Role in the catalog: the evaluation layer. Not a component (like queue, scheduler) and not a protocol (like flow control, recovery) — the layer that prices the others. Scheduler allocates the ledger; backpressure defends useful work against dead work; boundary’s economic boundary says who pays; cache trades one ledger column (compute) for another (memory + staleness risk).

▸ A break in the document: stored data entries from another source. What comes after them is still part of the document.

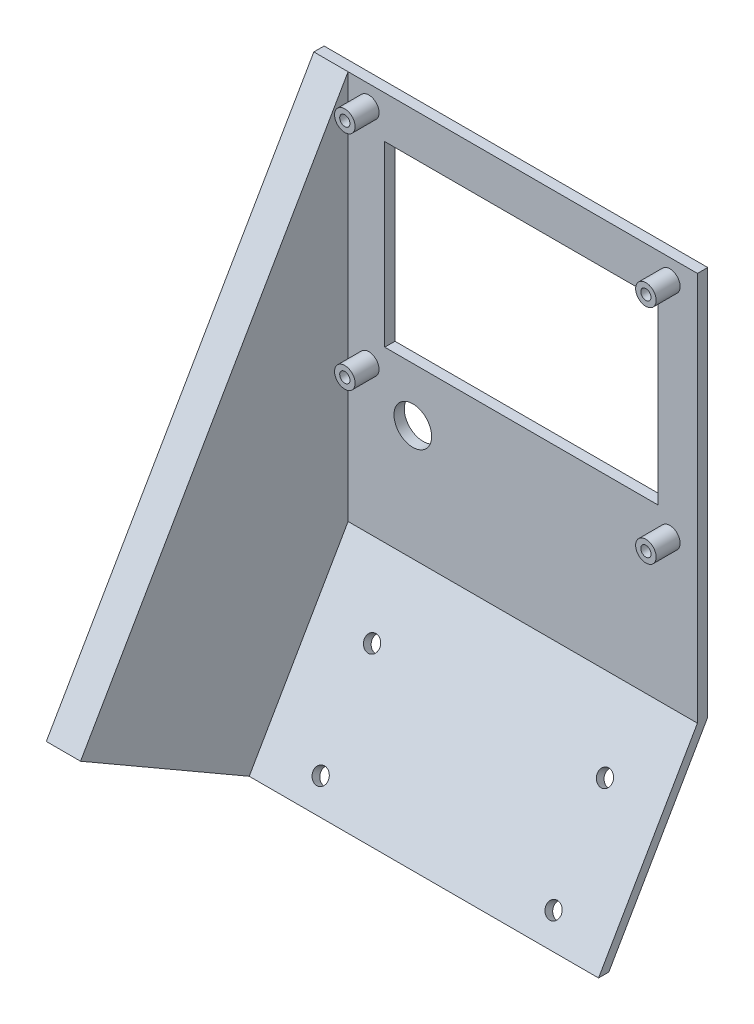
ISO-10303-21;
HEADER;
FILE_DESCRIPTION(('STEP AP214'),'2;1');
FILE_NAME('part.step','',(''),(''),'','','');
FILE_SCHEMA(('AUTOMOTIVE_DESIGN { 1 0 10303 214 1 1 1 1 }'));
ENDSEC;
DATA;
#1=APPLICATION_CONTEXT('core data for automotive mechanical design processes');
#2=APPLICATION_PROTOCOL_DEFINITION('international standard','automotive_design',2000,#1);
#3=PRODUCT_CONTEXT('',#1,'mechanical');
#4=PRODUCT('Part','Part','',(#3));
#5=PRODUCT_RELATED_PRODUCT_CATEGORY('part','',(#4));
#6=PRODUCT_DEFINITION_FORMATION('','',#4);
#7=PRODUCT_DEFINITION_CONTEXT('part definition',#1,'design');
#8=PRODUCT_DEFINITION('design','',#6,#7);
#9=PRODUCT_DEFINITION_SHAPE('','',#8);
#10=(LENGTH_UNIT() NAMED_UNIT(*) SI_UNIT(.MILLI.,.METRE.));
#11=(NAMED_UNIT(*) PLANE_ANGLE_UNIT() SI_UNIT($,.RADIAN.));
#12=(NAMED_UNIT(*) SI_UNIT($,.STERADIAN.) SOLID_ANGLE_UNIT());
#13=UNCERTAINTY_MEASURE_WITH_UNIT(LENGTH_MEASURE(1.E-05),#10,'distance_accuracy_value','');
#14=(GEOMETRIC_REPRESENTATION_CONTEXT(3) GLOBAL_UNCERTAINTY_ASSIGNED_CONTEXT((#13)) GLOBAL_UNIT_ASSIGNED_CONTEXT((#10,
#11,#12)) REPRESENTATION_CONTEXT('',''));
#15=CARTESIAN_POINT('',(0.,0.,0.));
#16=DIRECTION('',(0.,0.,1.));
#17=DIRECTION('',(1.,0.,0.));
#18=AXIS2_PLACEMENT_3D('',#15,#16,#17);
#19=CARTESIAN_POINT('',(90.5,0.,3.));
#20=DIRECTION('',(1.,0.,0.));
#21=DIRECTION('',(0.,1.,0.));
#22=AXIS2_PLACEMENT_3D('',#19,#20,#21);
#23=PLANE('',#22);
#24=DIRECTION('',(0.,-1.,0.));
#25=VECTOR('',#24,1.);
#26=CARTESIAN_POINT('',(90.5,0.,0.));
#27=LINE('',#26,#25);
#28=CARTESIAN_POINT('',(90.5,101.42,0.));
#29=VERTEX_POINT('',#28);
#30=CARTESIAN_POINT('',(90.5,49.42,0.));
#31=VERTEX_POINT('',#30);
#32=EDGE_CURVE('E154',#29,#31,#27,.T.);
#33=ORIENTED_EDGE('',*,*,#32,.T.);
#34=DIRECTION('',(0.,0.,-1.));
#35=VECTOR('',#34,1.);
#36=CARTESIAN_POINT('',(90.5,49.42,3.));
#37=LINE('',#36,#35);
#38=CARTESIAN_POINT('',(90.5,49.42,3.));
#39=VERTEX_POINT('',#38);
#40=EDGE_CURVE('E82',#39,#31,#37,.T.);
#41=ORIENTED_EDGE('',*,*,#40,.F.);
#42=DIRECTION('',(0.,-1.,0.));
#43=VECTOR('',#42,1.);
#44=CARTESIAN_POINT('',(90.5,0.,3.));
#45=LINE('',#44,#43);
#46=CARTESIAN_POINT('',(90.5,101.42,3.));
#47=VERTEX_POINT('',#46);
#48=EDGE_CURVE('E142',#47,#39,#45,.T.);
#49=ORIENTED_EDGE('',*,*,#48,.F.);
#50=DIRECTION('',(0.,0.,-1.));
#51=VECTOR('',#50,1.);
#52=CARTESIAN_POINT('',(90.5,101.42,3.));
#53=LINE('',#52,#51);
#54=EDGE_CURVE('E12',#47,#29,#53,.T.);
#55=ORIENTED_EDGE('',*,*,#54,.T.);
#56=EDGE_LOOP('',(#33,#41,#49,#55));
#57=FACE_BOUND('',#56,.T.);
#58=ADVANCED_FACE('F71',(#57),#23,.F.);
#59=CARTESIAN_POINT('',(0.,49.42,3.));
#60=DIRECTION('',(0.,1.,0.));
#61=DIRECTION('',(0.,0.,1.));
#62=AXIS2_PLACEMENT_3D('',#59,#60,#61);
#63=PLANE('',#62);
#64=DIRECTION('',(1.,0.,0.));
#65=VECTOR('',#64,1.);
#66=CARTESIAN_POINT('',(0.,49.42,0.));
#67=LINE('',#66,#65);
#68=CARTESIAN_POINT('',(10.7,49.42,0.));
#69=VERTEX_POINT('',#68);
#70=EDGE_CURVE('E190',#69,#31,#67,.T.);
#71=ORIENTED_EDGE('',*,*,#70,.F.);
#72=DIRECTION('',(0.,0.,-1.));
#73=VECTOR('',#72,1.);
#74=CARTESIAN_POINT('',(10.7,49.42,3.));
#75=LINE('',#74,#73);
#76=CARTESIAN_POINT('',(10.7,49.42,3.));
#77=VERTEX_POINT('',#76);
#78=EDGE_CURVE('E112',#77,#69,#75,.T.);
#79=ORIENTED_EDGE('',*,*,#78,.F.);
#80=DIRECTION('',(1.,0.,0.));
#81=VECTOR('',#80,1.);
#82=CARTESIAN_POINT('',(0.,49.42,3.));
#83=LINE('',#82,#81);
#84=EDGE_CURVE('E147',#77,#39,#83,.T.);
#85=ORIENTED_EDGE('',*,*,#84,.T.);
#86=ORIENTED_EDGE('',*,*,#40,.T.);
#87=EDGE_LOOP('',(#71,#79,#85,#86));
#88=FACE_BOUND('',#87,.T.);
#89=ADVANCED_FACE('F159',(#88),#63,.T.);
#90=CARTESIAN_POINT('',(10.7,0.,3.));
#91=DIRECTION('',(1.,0.,0.));
#92=DIRECTION('',(0.,1.,0.));
#93=AXIS2_PLACEMENT_3D('',#90,#91,#92);
#94=PLANE('',#93);
#95=DIRECTION('',(0.,-1.,0.));
#96=VECTOR('',#95,1.);
#97=CARTESIAN_POINT('',(10.7,0.,0.));
#98=LINE('',#97,#96);
#99=CARTESIAN_POINT('',(10.7,101.42,0.));
#100=VERTEX_POINT('',#99);
#101=EDGE_CURVE('E193',#100,#69,#98,.T.);
#102=ORIENTED_EDGE('',*,*,#101,.F.);
#103=DIRECTION('',(0.,0.,-1.));
#104=VECTOR('',#103,1.);
#105=CARTESIAN_POINT('',(10.7,101.42,3.));
#106=LINE('',#105,#104);
#107=CARTESIAN_POINT('',(10.7,101.42,3.));
#108=VERTEX_POINT('',#107);
#109=EDGE_CURVE('E91',#108,#100,#106,.T.);
#110=ORIENTED_EDGE('',*,*,#109,.F.);
#111=DIRECTION('',(0.,-1.,0.));
#112=VECTOR('',#111,1.);
#113=CARTESIAN_POINT('',(10.7,0.,3.));
#114=LINE('',#113,#112);
#115=EDGE_CURVE('E161',#108,#77,#114,.T.);
#116=ORIENTED_EDGE('',*,*,#115,.T.);
#117=ORIENTED_EDGE('',*,*,#78,.T.);
#118=EDGE_LOOP('',(#102,#110,#116,#117));
#119=FACE_BOUND('',#118,.T.);
#120=ADVANCED_FACE('F453',(#119),#94,.T.);
#121=CARTESIAN_POINT('',(0.,101.42,3.));
#122=DIRECTION('',(0.,1.,0.));
#123=DIRECTION('',(0.,0.,1.));
#124=AXIS2_PLACEMENT_3D('',#121,#122,#123);
#125=PLANE('',#124);
#126=DIRECTION('',(1.,0.,0.));
#127=VECTOR('',#126,1.);
#128=CARTESIAN_POINT('',(0.,101.42,0.));
#129=LINE('',#128,#127);
#130=EDGE_CURVE('E185',#100,#29,#129,.T.);
#131=ORIENTED_EDGE('',*,*,#130,.T.);
#132=ORIENTED_EDGE('',*,*,#54,.F.);
#133=DIRECTION('',(1.,0.,0.));
#134=VECTOR('',#133,1.);
#135=CARTESIAN_POINT('',(0.,101.42,3.));
#136=LINE('',#135,#134);
#137=EDGE_CURVE('E148',#108,#47,#136,.T.);
#138=ORIENTED_EDGE('',*,*,#137,.F.);
#139=ORIENTED_EDGE('',*,*,#109,.T.);
#140=EDGE_LOOP('',(#131,#132,#138,#139));
#141=FACE_BOUND('',#140,.T.);
#142=ADVANCED_FACE('F457',(#141),#125,.F.);
#143=CARTESIAN_POINT('',(102.,0.,3.));
#144=DIRECTION('',(-1.,0.,0.));
#145=DIRECTION('',(0.,0.,1.));
#146=AXIS2_PLACEMENT_3D('',#143,#144,#145);
#147=PLANE('',#146);
#148=DIRECTION('',(0.,1.,0.));
#149=VECTOR('',#148,1.);
#150=CARTESIAN_POINT('',(102.,0.,0.));
#151=LINE('',#150,#149);
#152=CARTESIAN_POINT('',(102.,0.,0.));
#153=VERTEX_POINT('',#152);
#154=CARTESIAN_POINT('',(102.,113.73,0.));
#155=VERTEX_POINT('',#154);
#156=EDGE_CURVE('E181',#153,#155,#151,.T.);
#157=ORIENTED_EDGE('',*,*,#156,.T.);
#158=DIRECTION('',(0.,0.,-1.));
#159=VECTOR('',#158,1.);
#160=CARTESIAN_POINT('',(102.,113.73,3.));
#161=LINE('',#160,#159);
#162=CARTESIAN_POINT('',(102.,113.73,3.));
#163=VERTEX_POINT('',#162);
#164=EDGE_CURVE('E164',#163,#155,#161,.T.);
#165=ORIENTED_EDGE('',*,*,#164,.F.);
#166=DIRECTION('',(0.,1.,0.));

This is where VSA stops being a lens and becomes the content.
Central tension:
performance and availability vs cost and waste
The Capacity Ledger (the core object) #
Capacity exists in stages; everything in this block is an operation on this ledger, a measurement of a gap between stages, or a policy about a gap:
physical → committed → allocated → used → useful
(exists) (reserved, (handed to (actually (produced value;
quota'd, a workload) consumed) survived amplification
promised) and wasn't dead work)
The gaps ARE the named phenomena:
physical − committed = headroom (deliberate slack)
committed − physical = overcommit exposure (the statistical bet, axis 4)
committed − used = stranded waste (reservation leak, idle quota)
used − useful = amplification + dead work
(goodput* from backpressure.md, as accounting)
Operations on the ledger:
reservation: create a committed entry before use (requests, RIs, holds)
quota: cap a tenant's committed ceiling
overcommit: deliberately let committed exceed physical
metering: observe used; attribution assigns it an owner
efficiency: raise useful/used (fight amplification)
And one subtlety the scalar ledger hides — shape:
fragmentation: free ≠ usable, because capacity is a vector
(CPU×mem×GPU per node) and demand has shape.
aggregate free capacity that fits nothing is a ledger lie.
(scheduler.md bin-packing is the mechanism side)
Interrogation (the ledger walk):
What resource is scarce, and in what unit at each stage?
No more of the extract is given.